Extracted data entries:
________________________________________

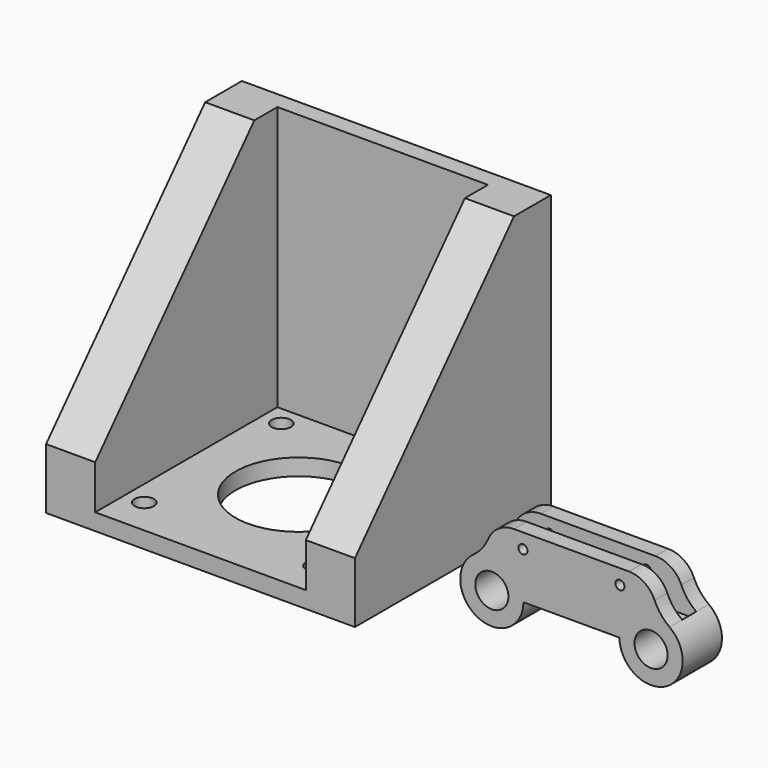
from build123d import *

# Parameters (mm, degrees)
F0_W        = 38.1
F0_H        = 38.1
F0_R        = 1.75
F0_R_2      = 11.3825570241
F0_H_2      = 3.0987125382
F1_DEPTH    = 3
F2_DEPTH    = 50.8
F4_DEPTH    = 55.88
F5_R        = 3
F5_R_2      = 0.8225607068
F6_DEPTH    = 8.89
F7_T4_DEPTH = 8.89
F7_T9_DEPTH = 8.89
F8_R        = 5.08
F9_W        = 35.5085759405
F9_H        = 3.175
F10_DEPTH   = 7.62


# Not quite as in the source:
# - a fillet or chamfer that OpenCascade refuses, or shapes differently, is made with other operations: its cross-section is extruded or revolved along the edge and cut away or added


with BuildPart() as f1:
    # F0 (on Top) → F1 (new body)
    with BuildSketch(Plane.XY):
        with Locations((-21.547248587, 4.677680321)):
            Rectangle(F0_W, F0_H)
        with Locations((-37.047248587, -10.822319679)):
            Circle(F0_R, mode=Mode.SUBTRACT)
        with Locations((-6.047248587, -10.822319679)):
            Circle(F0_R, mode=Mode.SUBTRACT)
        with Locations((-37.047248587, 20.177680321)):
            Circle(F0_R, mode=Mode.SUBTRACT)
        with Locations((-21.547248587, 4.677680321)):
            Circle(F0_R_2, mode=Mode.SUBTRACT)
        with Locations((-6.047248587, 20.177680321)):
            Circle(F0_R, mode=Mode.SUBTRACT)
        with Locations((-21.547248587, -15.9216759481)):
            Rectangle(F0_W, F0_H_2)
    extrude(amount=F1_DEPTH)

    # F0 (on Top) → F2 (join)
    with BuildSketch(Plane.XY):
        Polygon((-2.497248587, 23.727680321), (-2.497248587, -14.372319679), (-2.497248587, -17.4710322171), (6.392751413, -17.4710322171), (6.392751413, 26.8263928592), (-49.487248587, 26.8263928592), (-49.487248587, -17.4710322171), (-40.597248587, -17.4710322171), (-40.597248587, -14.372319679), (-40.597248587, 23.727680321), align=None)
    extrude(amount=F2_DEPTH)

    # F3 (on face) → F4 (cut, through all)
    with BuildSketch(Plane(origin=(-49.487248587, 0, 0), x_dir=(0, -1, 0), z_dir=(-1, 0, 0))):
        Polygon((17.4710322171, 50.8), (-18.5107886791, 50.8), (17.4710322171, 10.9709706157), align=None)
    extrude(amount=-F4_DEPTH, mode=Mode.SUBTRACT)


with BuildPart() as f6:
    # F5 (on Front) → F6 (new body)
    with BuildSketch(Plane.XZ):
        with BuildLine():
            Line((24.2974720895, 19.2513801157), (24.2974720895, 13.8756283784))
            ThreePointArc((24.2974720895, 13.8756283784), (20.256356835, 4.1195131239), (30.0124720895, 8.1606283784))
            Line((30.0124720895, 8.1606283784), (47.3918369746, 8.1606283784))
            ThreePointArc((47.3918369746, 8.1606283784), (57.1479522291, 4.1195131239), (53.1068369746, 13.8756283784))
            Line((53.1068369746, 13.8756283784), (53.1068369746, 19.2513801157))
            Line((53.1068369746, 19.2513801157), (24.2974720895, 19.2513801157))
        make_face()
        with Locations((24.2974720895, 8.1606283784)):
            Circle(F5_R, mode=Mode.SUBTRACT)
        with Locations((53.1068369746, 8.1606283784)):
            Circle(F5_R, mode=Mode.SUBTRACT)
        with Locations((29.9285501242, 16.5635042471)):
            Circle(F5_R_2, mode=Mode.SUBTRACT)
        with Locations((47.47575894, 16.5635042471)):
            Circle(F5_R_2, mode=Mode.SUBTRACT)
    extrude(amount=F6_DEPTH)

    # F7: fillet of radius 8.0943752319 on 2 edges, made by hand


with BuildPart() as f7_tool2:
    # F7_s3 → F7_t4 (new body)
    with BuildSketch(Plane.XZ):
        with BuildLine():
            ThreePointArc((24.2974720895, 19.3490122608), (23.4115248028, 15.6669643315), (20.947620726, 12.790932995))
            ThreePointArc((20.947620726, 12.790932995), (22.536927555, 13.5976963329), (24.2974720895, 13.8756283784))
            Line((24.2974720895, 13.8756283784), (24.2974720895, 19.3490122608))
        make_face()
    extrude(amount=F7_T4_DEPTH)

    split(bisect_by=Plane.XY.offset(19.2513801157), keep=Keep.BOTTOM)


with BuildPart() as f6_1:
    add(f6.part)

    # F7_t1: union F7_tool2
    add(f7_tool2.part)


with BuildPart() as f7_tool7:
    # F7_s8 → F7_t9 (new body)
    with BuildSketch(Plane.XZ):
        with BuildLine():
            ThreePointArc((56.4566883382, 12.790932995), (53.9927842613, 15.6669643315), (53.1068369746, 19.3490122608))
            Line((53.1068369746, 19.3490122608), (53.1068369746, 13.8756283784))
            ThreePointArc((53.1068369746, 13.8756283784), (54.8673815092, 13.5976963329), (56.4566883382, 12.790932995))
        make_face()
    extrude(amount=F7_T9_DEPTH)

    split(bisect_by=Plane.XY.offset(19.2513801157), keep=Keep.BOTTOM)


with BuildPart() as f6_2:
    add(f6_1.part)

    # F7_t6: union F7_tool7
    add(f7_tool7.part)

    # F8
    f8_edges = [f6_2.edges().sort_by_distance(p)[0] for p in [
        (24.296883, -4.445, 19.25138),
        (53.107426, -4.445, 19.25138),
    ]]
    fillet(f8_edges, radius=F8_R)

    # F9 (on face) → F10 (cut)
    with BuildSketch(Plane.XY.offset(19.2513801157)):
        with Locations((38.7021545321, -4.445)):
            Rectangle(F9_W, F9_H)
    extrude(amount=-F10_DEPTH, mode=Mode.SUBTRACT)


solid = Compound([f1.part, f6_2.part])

________________________________________

• **EXERCISE REQUIREMENTS**: Copy the records above exactly, from the first line through the line containing "# F0 (on Top) → F1 (new body)", and leave out the pictures.

• **EXERCISE OUTPUT**:
from build123d import *

# Parameters (mm, degrees)
F0_W        = 38.1
F0_H        = 38.1
F0_R        = 1.75
F0_R_2      = 11.3825570241
F0_H_2      = 3.0987125382
F1_DEPTH    = 3
F2_DEPTH    = 50.8
F4_DEPTH    = 55.88
F5_R        = 3
F5_R_2      = 0.8225607068
F6_DEPTH    = 8.89
F7_T4_DEPTH = 8.89
F7_T9_DEPTH = 8.89
F8_R        = 5.08
F9_W        = 35.5085759405
F9_H        = 3.175
F10_DEPTH   = 7.62


# Not quite as in the source:
# - a fillet or chamfer that OpenCascade refuses, or shapes differently, is made with other operations: its cross-section is extruded or revolved along the edge and cut away or added


with BuildPart() as f1:
    # F0 (on Top) → F1 (new body)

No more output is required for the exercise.